PROVIDED RECORDS -
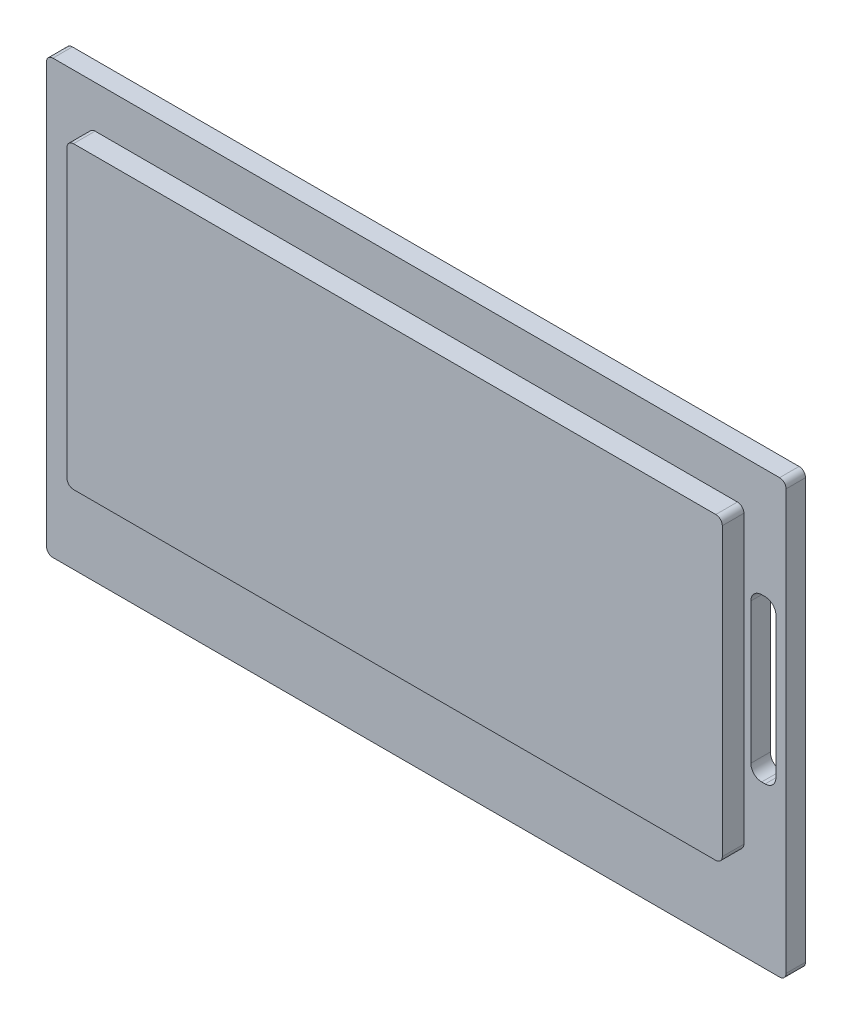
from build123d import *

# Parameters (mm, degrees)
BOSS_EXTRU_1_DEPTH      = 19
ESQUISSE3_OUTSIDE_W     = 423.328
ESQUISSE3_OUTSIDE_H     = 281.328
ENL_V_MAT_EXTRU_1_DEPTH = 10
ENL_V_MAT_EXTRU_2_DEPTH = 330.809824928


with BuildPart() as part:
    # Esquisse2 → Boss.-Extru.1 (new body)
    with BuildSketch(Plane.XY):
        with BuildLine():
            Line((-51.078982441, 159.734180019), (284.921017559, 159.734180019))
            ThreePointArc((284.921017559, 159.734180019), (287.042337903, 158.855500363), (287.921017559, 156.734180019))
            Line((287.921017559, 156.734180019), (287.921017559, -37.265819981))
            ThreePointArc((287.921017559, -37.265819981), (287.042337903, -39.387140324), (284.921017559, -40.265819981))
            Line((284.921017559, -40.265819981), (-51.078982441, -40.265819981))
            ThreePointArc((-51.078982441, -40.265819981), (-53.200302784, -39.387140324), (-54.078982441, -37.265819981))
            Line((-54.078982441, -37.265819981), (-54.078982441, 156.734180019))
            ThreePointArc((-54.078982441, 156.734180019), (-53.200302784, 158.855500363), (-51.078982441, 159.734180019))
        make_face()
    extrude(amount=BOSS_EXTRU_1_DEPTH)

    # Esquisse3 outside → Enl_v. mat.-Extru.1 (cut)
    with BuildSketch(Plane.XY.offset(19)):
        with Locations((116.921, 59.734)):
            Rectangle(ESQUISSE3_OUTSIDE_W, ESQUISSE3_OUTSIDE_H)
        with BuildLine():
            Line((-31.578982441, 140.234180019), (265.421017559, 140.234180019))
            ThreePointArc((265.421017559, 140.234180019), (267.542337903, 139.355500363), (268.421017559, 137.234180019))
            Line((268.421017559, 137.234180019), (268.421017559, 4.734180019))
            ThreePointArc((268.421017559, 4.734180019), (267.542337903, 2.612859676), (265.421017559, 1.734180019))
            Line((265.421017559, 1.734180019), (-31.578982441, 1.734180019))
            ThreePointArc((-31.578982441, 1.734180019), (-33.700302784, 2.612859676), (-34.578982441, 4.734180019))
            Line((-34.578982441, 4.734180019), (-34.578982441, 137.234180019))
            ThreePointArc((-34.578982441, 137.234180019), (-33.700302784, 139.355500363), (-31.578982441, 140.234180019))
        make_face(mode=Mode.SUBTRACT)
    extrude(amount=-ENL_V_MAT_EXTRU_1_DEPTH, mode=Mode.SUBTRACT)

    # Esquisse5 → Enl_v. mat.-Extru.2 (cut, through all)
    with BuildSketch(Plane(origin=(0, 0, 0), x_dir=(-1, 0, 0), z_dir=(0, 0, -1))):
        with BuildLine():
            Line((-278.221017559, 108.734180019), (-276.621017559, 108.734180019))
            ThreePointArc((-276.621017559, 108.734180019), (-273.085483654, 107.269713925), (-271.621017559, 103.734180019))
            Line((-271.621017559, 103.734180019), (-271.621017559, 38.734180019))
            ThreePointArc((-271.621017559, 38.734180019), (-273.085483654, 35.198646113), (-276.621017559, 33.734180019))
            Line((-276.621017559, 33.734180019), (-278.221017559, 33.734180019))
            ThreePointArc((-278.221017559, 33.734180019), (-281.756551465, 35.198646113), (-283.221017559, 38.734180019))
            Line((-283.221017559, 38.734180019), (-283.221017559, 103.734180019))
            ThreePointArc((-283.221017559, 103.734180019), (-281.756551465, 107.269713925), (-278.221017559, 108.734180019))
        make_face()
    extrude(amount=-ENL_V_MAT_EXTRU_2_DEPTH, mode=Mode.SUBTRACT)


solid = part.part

ACTIVITY -
Repeat the material above word for word and skip every image in it.

YOUR SOLUTION -
from build123d import *

# Parameters (mm, degrees)
BOSS_EXTRU_1_DEPTH      = 19
ESQUISSE3_OUTSIDE_W     = 423.328
ESQUISSE3_OUTSIDE_H     = 281.328
ENL_V_MAT_EXTRU_1_DEPTH = 10
ENL_V_MAT_EXTRU_2_DEPTH = 330.809824928


with BuildPart() as part:
    # Esquisse2 → Boss.-Extru.1 (new body)
    with BuildSketch(Plane.XY):
        with BuildLine():
            Line((-51.078982441, 159.734180019), (284.921017559, 159.734180019))
            ThreePointArc((284.921017559, 159.734180019), (287.042337903, 158.855500363), (287.921017559, 156.734180019))
            Line((287.921017559, 156.734180019), (287.921017559, -37.265819981))
            ThreePointArc((287.921017559, -37.265819981), (287.042337903, -39.387140324), (284.921017559, -40.265819981))
            Line((284.921017559, -40.265819981), (-51.078982441, -40.265819981))
            ThreePointArc((-51.078982441, -40.265819981), (-53.200302784, -39.387140324), (-54.078982441, -37.265819981))
            Line((-54.078982441, -37.265819981), (-54.078982441, 156.734180019))
            ThreePointArc((-54.078982441, 156.734180019), (-53.200302784, 158.855500363), (-51.078982441, 159.734180019))
        make_face()
    extrude(amount=BOSS_EXTRU_1_DEPTH)

    # Esquisse3 outside → Enl_v. mat.-Extru.1 (cut)
    with BuildSketch(Plane.XY.offset(19)):
        with Locations((116.921, 59.734)):
            Rectangle(ESQUISSE3_OUTSIDE_W, ESQUISSE3_OUTSIDE_H)
        with BuildLine():
            Line((-31.578982441, 140.234180019), (265.421017559, 140.234180019))
            ThreePointArc((265.421017559, 140.234180019), (267.542337903, 139.355500363), (268.421017559, 137.234180019))
            Line((268.421017559, 137.234180019), (268.421017559, 4.734180019))
            ThreePointArc((268.421017559, 4.734180019), (267.542337903, 2.612859676), (265.421017559, 1.734180019))
            Line((265.421017559, 1.734180019), (-31.578982441, 1.734180019))
            ThreePointArc((-31.578982441, 1.734180019), (-33.700302784, 2.612859676), (-34.578982441, 4.734180019))
            Line((-34.578982441, 4.734180019), (-34.578982441, 137.234180019))
            ThreePointArc((-34.578982441, 137.234180019), (-33.700302784, 139.355500363), (-31.578982441, 140.234180019))
        make_face(mode=Mode.SUBTRACT)
    extrude(amount=-ENL_V_MAT_EXTRU_1_DEPTH, mode=Mode.SUBTRACT)

    # Esquisse5 → Enl_v. mat.-Extru.2 (cut, through all)
    with BuildSketch(Plane(origin=(0, 0, 0), x_dir=(-1, 0, 0), z_dir=(0, 0, -1))):
        with BuildLine():
            Line((-278.221017559, 108.734180019), (-276.621017559, 108.734180019))
            ThreePointArc((-276.621017559, 108.734180019), (-273.085483654, 107.269713925), (-271.621017559, 103.734180019))
            Line((-271.621017559, 103.734180019), (-271.621017559, 38.734180019))
            ThreePointArc((-271.621017559, 38.734180019), (-273.085483654, 35.198646113), (-276.621017559, 33.734180019))
            Line((-276.621017559, 33.734180019), (-278.221017559, 33.734180019))
            ThreePointArc((-278.221017559, 33.734180019), (-281.756551465, 35.198646113), (-283.221017559, 38.734180019))
            Line((-283.221017559, 38.734180019), (-283.221017559, 103.734180019))
            ThreePointArc((-283.221017559, 103.734180019), (-281.756551465, 107.269713925), (-278.221017559, 108.734180019))
        make_face()
    extrude(amount=-ENL_V_MAT_EXTRU_2_DEPTH, mode=Mode.SUBTRACT)


solid = part.part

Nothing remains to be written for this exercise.